This week in buildings, land and industry decarbonization news, the liquor conglomerate Diageo announced it was making some major upgrades to some of its most famous real estate: the Guinness Brewery at St. James’ Gate in Dublin. The investment will transform both the energy and water use at the 264-year-old brewery to make it among the most efficient in the world. No word on whether the changes will impact the apocryphal flavoring rats.
In other news from across the pond, the BBC took a look at the issues around artificial intelligence and energy use. Generative AI makes up content from scratch, which means more computing and thus energy use required than machines running task-specific software. AI systems can use up to 33 times more energy than more traditional computing, BBC said. All of that is happening at centralized data centers, which used 460 TWh in 2022, and the International Energy Agency expects to more than double by 2026. By that year, data centers globally could use as much electricity as the entire nation of Japan.

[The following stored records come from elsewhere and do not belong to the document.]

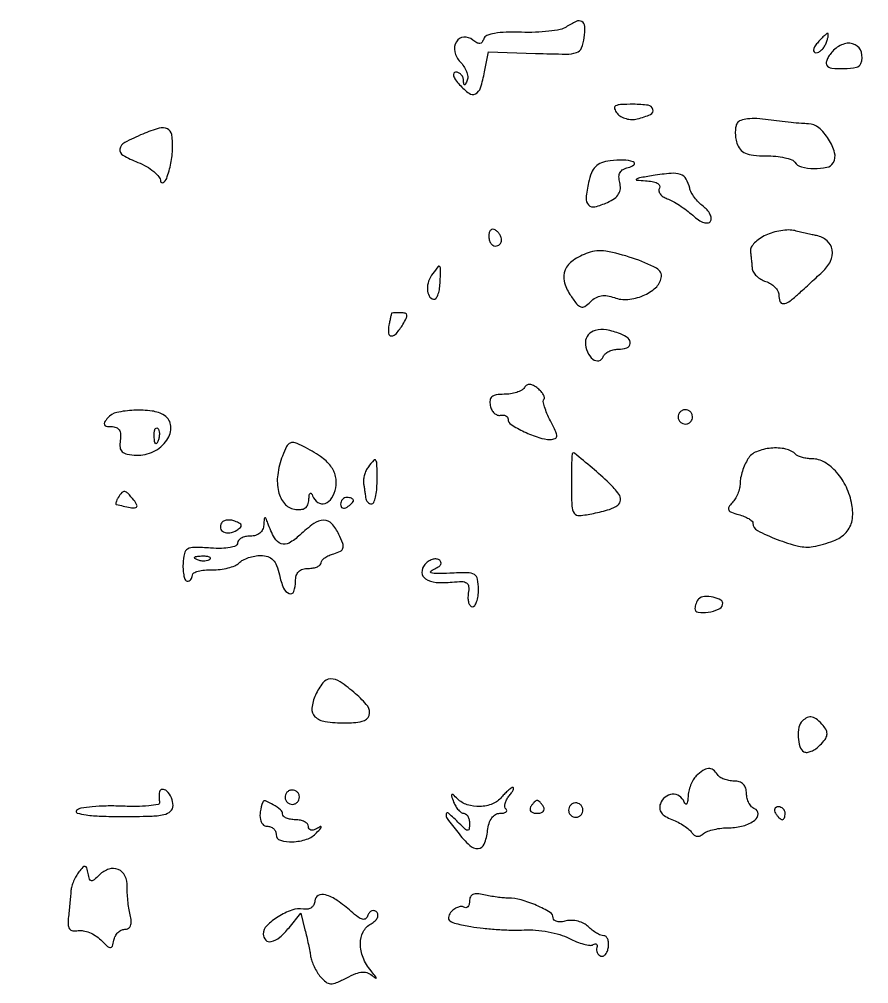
# Model space of a CAD drawing. Extents: x 0 to 5034, y 0 to 2560.
# Drawn here: x 3127.1 to 3259, y 1974.6 to 2124.2 of the extents above; entities that cross this region are included whole.
import ezdxf

# ---------------------------------------------------------------- set-up
doc = ezdxf.new("R2010")
doc.units = 0

msp = doc.modelspace()

# ---------------------------------------------------------------- linework, layer by layer
msp.add_lwpolyline([(3383.204374, 2294.201394, 0.000077), (3356.504636, 2294.414863, 0.000156), (3315.229798, 2294.725646, 0.000021), (3228.5, 2295.347967, -0.000415), (3189.306738, 2295.660115, -0.000542), (3153.440625, 2296.014433, -0.0004), (3123.376065, 2296.368091, -0.005012)], format="xyb")
for points in [[(3212, 2122.976085, -0.098054), (3211.088484, 2122.602024, -0.019587), (3209.34251, 2122.329632, -0.020021), (3207.252421, 2122.171412, -0.017491), (3205.05961, 2122.170227, 0.015681), (3202.678912, 2122.177559, 0.036667), (3200.908285, 2121.997076, 0.050198), (3199.70548, 2121.657454, 0.221924), (3199.212364, 2121.137091, -0.081555), (3198.951057, 2120.640635, -0.209117), (3198.604494, 2120.44621, -0.156639), (3198.14852, 2120.544251, -0.042571), (3197.535433, 2120.970593, 0.193711), (3196.122242, 2121.423342, 0.246122), (3194.975251, 2120.711739, 0.186663), (3194.714736, 2119.135298, 0.146049), (3195.54584, 2117.597017, -0.049977), (3196.126332, 2116.887234, -0.053528), (3196.539056, 2116.091948, -0.059936), (3196.734283, 2115.333766, -0.129784), (3196.659305, 2114.741071, -0.009653), (3196.383852, 2114.095453, -0.299395), (3196.243771, 2114.006371, -0.377751), (3196.135116, 2114.105134, -0.011905), (3196.078947, 2114.75, 0.089627), (3195.961207, 2115.227301, 0.089816), (3195.683913, 2115.632812, 0.093095), (3195.291845, 2115.904631, 0.105528), (3194.845012, 2116, 0.284688), (3194.560901, 2115.823967, 0.195341), (3194.531453, 2115.435045, 0.078101), (3194.848638, 2114.804601, 0.028394), (3195.478659, 2114.023581, 0.050553), (3196.942202, 2112.702685, 0.285864), (3197.944325, 2112.626057, 0.198835), (3198.718268, 2113.54924, 0.026942), (3199.359332, 2116.046658), (3199.976987, 2119.134935), (3207.238493, 2118.893828, 0.005198), (3211.999408, 2118.785286, 0.080928), (3213.608259, 2119.026971, 0.218591), (3214.399789, 2119.751198, 0.070506), (3214.816422, 2121.32636, 0.039223), (3214.885811, 2123.086824, 0.25585), (3214.446426, 2123.819888, 0.246599), (3213.576673, 2123.860209, 0.036936)], [(3251, 2120.5, 0.035237), (3250.57205, 2119.903434, 0.100348), (3250.396714, 2119.425778, 0.22275), (3250.484197, 2119.128897, 0.214681), (3250.770566, 2119, 0.125677), (3251.201557, 2119.11007, 0.064053), (3251.656816, 2119.440625, 0.05745), (3252.065988, 2119.926337, 0.054778), (3252.361626, 2120.5, 0.019009), (3252.557685, 2121.075405, 0.034664), (3252.666459, 2121.559375, 0.044074), (3252.688496, 2121.904913, 0.407084), (3252.59106, 2122, 0.176553), (3252.395857, 2121.928855, 0.014236), (3251.980891, 2121.559375, 0.017822), (3251.50208, 2121.074599, 0.012711)], [(3253.519748, 2119.376891, 0.034935), (3252.96289, 2118.736263, 0.047326), (3252.561544, 2118.083316, 0.056273), (3252.356386, 2117.510868, 0.19888), (3252.417704, 2117.133158, 0.230406), (3253.22775, 2116.62042, 0.036412), (3255.164061, 2116.545614, 0.035907), (3257.076352, 2116.749003, 0.266795), (3257.75, 2117.315473, 0.153382), (3257.829899, 2119.059778, 0.218045), (3256.858709, 2120.241334, 0.18854), (3255.191838, 2120.376202, 0.123987)], [(3219.914323, 2109.603235, 0.089981), (3220.504647, 2109.107428, 0.061557), (3221.314294, 2108.768776, 0.059833), (3222.209322, 2108.630139, 0.07261), (3223.052351, 2108.723941, 0.038545), (3225.113567, 2109.436481, 0.372166), (3225.484692, 2110.208022, 0.302051), (3224.758148, 2110.845123, 0.033319), (3222.436572, 2111, 0.011325), (3220.460441, 2110.955234, 0.115621), (3219.677425, 2110.733868, 0.365533), (3219.51535, 2110.30866, 0.089236)], [(3238.552487, 2108.084926, 0.093548), (3238.335558, 2107.520653, 0.041129), (3238.256751, 2106.721186, 0.038813), (3238.311395, 2105.834371, 0.042076), (3238.50284, 2104.991051, 0.09348), (3239.020394, 2104.029438, 0.11919), (3239.817422, 2103.419286, 0.080046), (3241.057166, 2103.09432, 0.024156), (3243.008371, 2103, -0.023956), (3244.536777, 2102.92673, -0.030824), (3245.925645, 2102.70625, -0.031835), (3247.022372, 2102.387657, -0.169305), (3247.5, 2102, 0.198318), (3248.509089, 2101.270934, 0.055438), (3250.481344, 2101.026417, 0.055472), (3252.452635, 2101.220709, 0.204832), (3253.453687, 2101.925064, 0.208951), (3253.675947, 2103.484185, 0.074284), (3252.740493, 2105.586435, 0.072734), (3251.200368, 2107.370393, 0.177254), (3249.600236, 2107.97734, -0.016556), (3248.517576, 2108.025864, -0.005211), (3246.902886, 2108.168842, -0.005198), (3245.103399, 2108.366014, -0.00574), (3243.367035, 2108.594811, 0.021911), (3241.603406, 2108.769411, 0.040116), (3240.159927, 2108.732849, 0.050924), (3239.095359, 2108.508979, 0.178921)], [(3146.326549, 2106.388822, 0.021881), (3143.494957, 2105.051687, 0.231615), (3142.762928, 2104.049082, 0.318371), (3143.215994, 2103.08918, 0.034876), (3145.545342, 2101.982209, -0.035845), (3146.872686, 2101.348265, -0.043624), (3148.00584, 2100.565651, -0.049281), (3148.806013, 2099.75792, -0.160684), (3149.070285, 2099.063354, 0.563574), (3149.463015, 2098.84908, 0.175768), (3150.012772, 2099.507282, 0.037871), (3150.669089, 2101.858816, 0.042615), (3150.929715, 2104.190983, 0.045979), (3150.790555, 2106.30346, 0.246749), (3150.122734, 2107.197596, 0.186568), (3148.849758, 2107.295248, 0.026279)], [(3218.816271, 2102.225679, 0.056025), (3217.482105, 2101.899111, 0.109234), (3216.564022, 2101.311178, 0.10017), (3215.930557, 2100.352536, 0.042037), (3215.47111, 2098.868466, 0.030981), (3215.098727, 2096.473661, 0.216847), (3215.477636, 2095.384389, 0.270248), (3216.47028, 2095.097803, 0.045208), (3218.417131, 2095.780289, 0.045274), (3219.505287, 2096.400456, 0.101748), (3220.156586, 2097.086393, 0.121793), (3220.417351, 2097.888529, 0.082108), (3220.328573, 2098.851536, -0.060939), (3220.206152, 2099.759309, -0.133391), (3220.380288, 2100.433141, -0.14221), (3220.860764, 2100.899192, -0.073199), (3221.657216, 2101.182268, 0.13439), (3222.51698, 2101.610957, 0.565907), (3222.431609, 2102.057583, 0.084178), (3220.900429, 2102.342577, 0.036061)], [(3225.5, 2099.935543, 0.002997), (3223.376318, 2099.576443, 0.103946), (3222.908607, 2099.38928, 0.708038), (3222.947286, 2099.237293, 0.00973), (3224.309017, 2099.141905, -0.033135), (3225.373734, 2099.017064, -0.075352), (3226.137139, 2098.752688, -0.14545), (3226.504537, 2098.39452, -0.272139), (3226.495635, 2097.992937, 0.173428), (3226.403052, 2097.558855, 0.123673), (3226.588747, 2097.093126, 0.092159), (3227.038862, 2096.664025, 0.059436), (3227.686618, 2096.343925, -0.041241), (3228.532639, 2095.963397, -0.017619), (3229.597267, 2095.324729, -0.017292), (3230.690591, 2094.560325, -0.021774), (3231.644504, 2093.775782, 0.033134), (3232.561623, 2093.055771, 0.069739), (3233.371197, 2092.654586, 0.112069), (3234.001398, 2092.592869, 0.226676), (3234.411233, 2092.856373, 0.171562), (3234.51625, 2093.340155, 0.083026), (3234.331704, 2093.9547, 0.06708), (3233.896583, 2094.602658, 0.05114), (3233.26673, 2095.181578, -0.03996), (3232.566867, 2095.796612, -0.033086), (3231.924557, 2096.553339, -0.034299), (3231.427281, 2097.330735, -0.07248), (3231.178571, 2098, 0.080369), (3230.634351, 2099.396958, 0.179495), (3229.763545, 2100.106501, 0.104481), (3228.287215, 2100.284957, 0.018403)], [(3200, 2090.559017, 0.062283), (3200.074545, 2089.962904, 0.080552), (3200.29375, 2089.457961, 0.097988), (3200.618621, 2089.120018, 0.153634), (3201, 2089, 0.092995), (3201.381732, 2089.071618, 0.096318), (3201.70625, 2089.276414, 0.099231), (3201.923444, 2089.581949, 0.105429), (3202, 2089.940983, 0.089642), (3201.926698, 2090.346558, 0.053229), (3201.70625, 2090.7871, 0.051032), (3201.382515, 2091.193797, 0.06081), (3201, 2091.5, 0.139169), (3200.620352, 2091.607943, 0.191142), (3200.29375, 2091.478525, 0.138808), (3200.073267, 2091.110654, 0.066118)], [(3242.984032, 2090.69264, 0.039989), (3242.031612, 2090.144039, 0.049267), (3241.248539, 2089.483151, 0.057187), (3240.732386, 2088.81411, 0.165271), (3240.609032, 2088.25, -0.002205), (3240.67201, 2087.66854, -0.001164), (3240.745309, 2086.946358, -0.001158), (3240.8169, 2086.206839, -0.001789), (3240.875, 2085.567388, 0.115393), (3241.070084, 2084.972339, 0.063226), (3241.550781, 2084.36914, 0.057834), (3242.225877, 2083.849381, 0.058378), (3243, 2083.5, -0.06077), (3243.764714, 2083.150468, -0.063046), (3244.4125, 2082.63086, -0.069989), (3244.851427, 2082.027698, -0.122947), (3245, 2081.432612, 0.09154), (3245.185886, 2080.425792, 0.312858), (3245.706961, 2080.069893, 0.156967), (3246.577146, 2080.356897, 0.028144), (3247.916112, 2081.453582, -0.000389), (3248.683258, 2082.156516, -0.000169), (3249.705029, 2083.090669, -0.000167), (3250.792344, 2084.083405, -0.000222), (3251.78186, 2084.985442, 0.096005), (3253.029223, 2086.658573, 0.153907), (3253.282292, 2088.40641, 0.175538), (3252.490383, 2089.82494, 0.129456), (3250.862387, 2090.624682, -0.004461), (3250.200342, 2090.76445, -0.001878), (3249.312701, 2090.963631, -0.001858), (3248.36544, 2091.183635, -0.002419), (3247.5, 2091.392454, 0.066108), (3246.553374, 2091.496599, 0.032835), (3245.348434, 2091.390175, 0.031894), (3244.094096, 2091.112962, 0.040368)], [(3215.412452, 2087.956872, 0.059086), (3213.08346, 2086.766937, 0.142857), (3211.854835, 2085.298217, 0.164493), (3211.702351, 2083.545107, 0.08539), (3212.587405, 2081.506946, 0.017669), (3213.618759, 2080.048068, 0.145309), (3214.268463, 2079.572876, 0.234061), (3214.909614, 2079.648205, 0.052198), (3215.791633, 2080.363061, -0.065279), (3216.592737, 2080.97844, -0.088357), (3217.449089, 2081.289476, -0.08305), (3218.400646, 2081.295583, -0.051049), (3219.485933, 2081.005348, 0.114813), (3221.581725, 2080.721335, 0.076253), (3223.944553, 2081.314963, 0.080553), (3225.893239, 2082.534282, 0.166687), (3226.775586, 2084.073228, 0.333898), (3226.054033, 2085.550837, 0.035687), (3222.312747, 2087.135593, 0.03871), (3218.160331, 2088.2045, 0.132996)], [(3191.311092, 2084.75, 0.075757), (3190.670605, 2083.550301, 0.091387), (3190.47131, 2082.290419, 0.118753), (3190.741591, 2081.281635, 0.204076), (3191.412639, 2080.75, 0.289003), (3191.770618, 2080.858896, 0.080417), (3192.092552, 2081.38125, 0.055085), (3192.333609, 2082.213962, 0.032004), (3192.44566, 2083.25, 0.003311), (3192.526162, 2085.417319, 0.171162), (3192.400353, 2085.812063, 0.485018), (3192.14725, 2085.817137, 0.011515)], [(3184.923489, 2078.583333, 0.129476), (3184.885129, 2078.510581, 0.001726), (3184.771045, 2078.010417, 0.004798), (3184.645901, 2077.426741, 0.003118), (3184.511973, 2076.75, 0.064816), (3184.435122, 2075.46409, 0.405148), (3184.880221, 2075.064828, 0.211801), (3185.657132, 2075.446018, 0.034759), (3186.663842, 2076.833333, 0.020872), (3187.205098, 2077.786359, 0.155064), (3187.29074, 2078.294123, 0.295136), (3187.046726, 2078.575408, 0.070681), (3186.404389, 2078.666667, 0.005543), (3185.860612, 2078.660639, 0.008511), (3185.390064, 2078.642187, 0.003822), (3184.992774, 2078.616783, 0.191425)], [(3215, 2074.059017, 0.102136), (3215.306023, 2072.57653, 0.121919), (3216.167104, 2071.4433, 0.226509), (3217.103132, 2071.221288, 0.265066), (3217.774316, 2071.822949, -0.12723), (3218.066081, 2072.273319, -0.067959), (3218.614435, 2072.654241, -0.060696), (3219.321182, 2072.912372, -0.057298), (3220.083333, 2073, 0.084478), (3221.407483, 2073.22533, 0.280705), (3221.943927, 2073.880138, 0.263038), (3221.621599, 2074.698079, 0.078807), (3220.418213, 2075.393011, 0.049217), (3218.25947, 2075.985936, 0.103139), (3216.527472, 2075.92381, 0.159739), (3215.427063, 2075.236655, 0.175723)], [(3205.530011, 2067.048558, -0.129128), (3205.10624, 2066.645472, -0.045879), (3204.333751, 2066.308014, -0.041798), (3203.377601, 2066.077449, -0.038287), (3202.367659, 2066, 0.035994), (3201.171324, 2065.913767, 0.136715), (3200.49227, 2065.614049, 0.192908), (3200.197109, 2065.076647, 0.084305), (3200.236066, 2064.25, 0.066051), (3200.471389, 2063.599713, 0.082719), (3200.8561, 2063.0875, 0.098335), (3201.325854, 2062.789373, 0.145115), (3201.80939, 2062.75, -0.067428), (3202.26462, 2062.782978, -0.099677), (3202.650258, 2062.679964, -0.126044), (3202.905746, 2062.460145, -0.153575), (3203, 2062.160515, 0.259127), (3203.46481, 2061.323862, 0.027102), (3205.503438, 2060.203784, 0.032811), (3207.784203, 2059.285896, 0.079421), (3209.572733, 2059, 0.086681), (3210.296186, 2059.126368, 0.316867), (3210.548897, 2059.487004, 0.10941), (3210.388366, 2060.203374, 0.009713), (3209.565563, 2061.873216, -0.018897), (3209.031511, 2063.009204, -0.027953), (3208.658476, 2064.044683, -0.026841), (3208.456361, 2064.884338, -0.246824), (3208.564048, 2065.230715, 0.254757), (3208.644374, 2065.503373, 0.076101), (3208.484502, 2065.922614, 0.055647), (3208.127782, 2066.414543, 0.034886), (3207.613194, 2066.906058, 0.042758), (3206.932773, 2067.378847, 0.113862), (3206.370421, 2067.549755, 0.160084), (3205.908743, 2067.432275, 0.113122)], [(3140.866713, 2062.339399, 0.032803), (3140.377648, 2061.664589, 0.246371), (3140.347718, 2061.283792, 0.261173), (3140.641969, 2061.057687, 0.036077), (3141.440414, 2061, -0.092704), (3142.168332, 2060.863868, -0.159777), (3142.64045, 2060.476876, -0.128146), (3142.854835, 2059.813059, -0.050471), (3142.812858, 2058.845952, 0.059989), (3142.785969, 2057.744075, 0.185411), (3143.112237, 2057.089001, 0.143273), (3143.86268, 2056.71959, 0.031516), (3145.305611, 2056.560496, 0.127247), (3147.968512, 2057.117867, 0.124544), (3150.052218, 2058.899031, 0.171401), (3150.65986, 2061.042774, 0.241901), (3149.660933, 2062.716883, 0.107712), (3147.744242, 2063.402516, 0.042985), (3144.94198, 2063.523144, 0.041839), (3142.259137, 2063.181867, 0.168548)], [(3229.552786, 2063.08541, 0.099038), (3229.401684, 2062.679226, 0.097945), (3229.417584, 2062.244476, 0.097945), (3229.597789, 2061.848514, 0.099038), (3229.91459, 2061.552786, 0.099038), (3230.320774, 2061.401684, 0.097945), (3230.755524, 2061.417584, 0.097945), (3231.151486, 2061.597789, 0.099038), (3231.447214, 2061.91459, 0.099038), (3231.598316, 2062.320774, 0.097945), (3231.582416, 2062.755524, 0.097945), (3231.402211, 2063.151486, 0.099038), (3231.08541, 2063.447214, 0.099038), (3230.679226, 2063.598316, 0.097945), (3230.244476, 2063.582416, 0.097945), (3229.848514, 2063.402211, 0.099038)], [(3148.683114, 2058.8125, -0.054073), (3148.461564, 2058.395823, -0.470617), (3148.279315, 2058.37858, -0.168741), (3148.137993, 2058.670344, -0.018894), (3148.078947, 2059.416667, -0.028489), (3148.089945, 2060.112848, -0.077125), (3148.200665, 2060.592839, -0.208169), (3148.385309, 2060.77538, -0.296942), (3148.604167, 2060.729167, -0.126455), (3148.797407, 2060.402231, -0.060344), (3148.876576, 2059.916927, -0.05415), (3148.839148, 2059.359369, -0.051402)], [(3167.971697, 2056.425557, 0.058575), (3167.241215, 2053.520007, 0.087952), (3167.361563, 2050.9149, 0.118817), (3168.282021, 2049.048361, 0.184542), (3169.829459, 2048.180449, 0.051579), (3170.827908, 2048.137385, 0.132809), (3171.506722, 2048.36538, 0.155972), (3171.912504, 2048.874173, 0.080279), (3172.078947, 2049.680449, -0.022333), (3172.137986, 2050.349467, -0.167715), (3172.278532, 2050.6296, -0.454063), (3172.457173, 2050.615456, -0.064038), (3172.662281, 2050.25, 0.150282), (3173.489104, 2049.23142, 0.234265), (3174.587734, 2049.087369, 0.172879), (3175.631619, 2049.918186, 0.092086), (3176.239945, 2051.474858, 0.101031), (3176.217437, 2053.276079, 0.112087), (3175.48182, 2054.850392, 0.079288), (3173.891961, 2056.338022, 0.029153), (3171.240549, 2057.911743, 0.034163), (3169.931506, 2058.479242, 0.19426), (3169.188109, 2058.447276, 0.171364), (3168.620545, 2057.901156, 0.02548)], [(3240.220233, 2055.981041, 0.035279), (3239.752968, 2055.100177, 0.025997), (3239.358443, 2054.068361, 0.026484), (3239.086864, 2053.048567, 0.051874), (3239, 2052.213569, -0.057316), (3238.909756, 2051.428898, -0.038898), (3238.637879, 2050.570615, -0.039095), (3238.239399, 2049.771714, -0.061219), (3237.767247, 2049.167247, 0.056316), (3237.250228, 2048.51851, 0.272343), (3237.237292, 2048.066084, 0.179314), (3237.658742, 2047.701827, 0.02553), (3238.767247, 2047.350615, -0.030301), (3239.622213, 2047.070737, -0.042014), (3240.344129, 2046.712232, -0.048507), (3240.851778, 2046.332811, -0.211057), (3241, 2045.99731, 0.280708), (3241.683553, 2044.875696, 0.026627), (3244.742573, 2043.498981, 0.031987), (3248.05383, 2042.453964, 0.105674), (3250.327982, 2042.383029, 0.045495), (3253.496265, 2043.260943, 0.115714), (3255.464341, 2044.58337, 0.145325), (3256.380245, 2046.43145, 0.089472), (3256.363176, 2048.877641, 0.06288), (3255.489674, 2051.594812, 0.069954), (3253.989467, 2053.903124, 0.079792), (3252.120567, 2055.463125, 0.134886), (3250.166667, 2056, -0.032528), (3249.416199, 2056.048874, -0.032375), (3248.6772, 2056.194675, -0.03416), (3248.050942, 2056.407656, -0.097631), (3247.670609, 2056.662724, 0.147044), (3246.080077, 2057.518058, 0.073293), (3243.775518, 2057.645125, 0.073911), (3241.555854, 2057.104765, 0.157841)], [(3212.916667, 2056.687091, 0.023022), (3212.883907, 2056.249116, 0.00218), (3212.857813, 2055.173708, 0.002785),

Canary Media looked into two Biden administration-funded projects to manufacture clean steel using green hydrogen. Ohio and Mississippi are hosting the two commercial demonstration facilities, which will require huge amounts of energy. The Ohio plant’s demand could be filled by doubling the amount of renewables in the state, while Mississippi would need to expand renewables by five times its current installed capacity.
Tech Xplore wrote about using solar power for California’s huge agriculture industry to grow crops if they are short of water. The legislature rejected a bill that could have helped develop solar power on formerly agricultural land by easing a tax hit on such conversions caused by a law meant to preserve farmland.
Solar and farming do not have to be exclusive for land use, with North American Clean Energy posting a brief on “agrivoltaics.” The concept involves putting up solar panels and then growing crops alongside them, which can benefit from the partial shade the solar panels provide.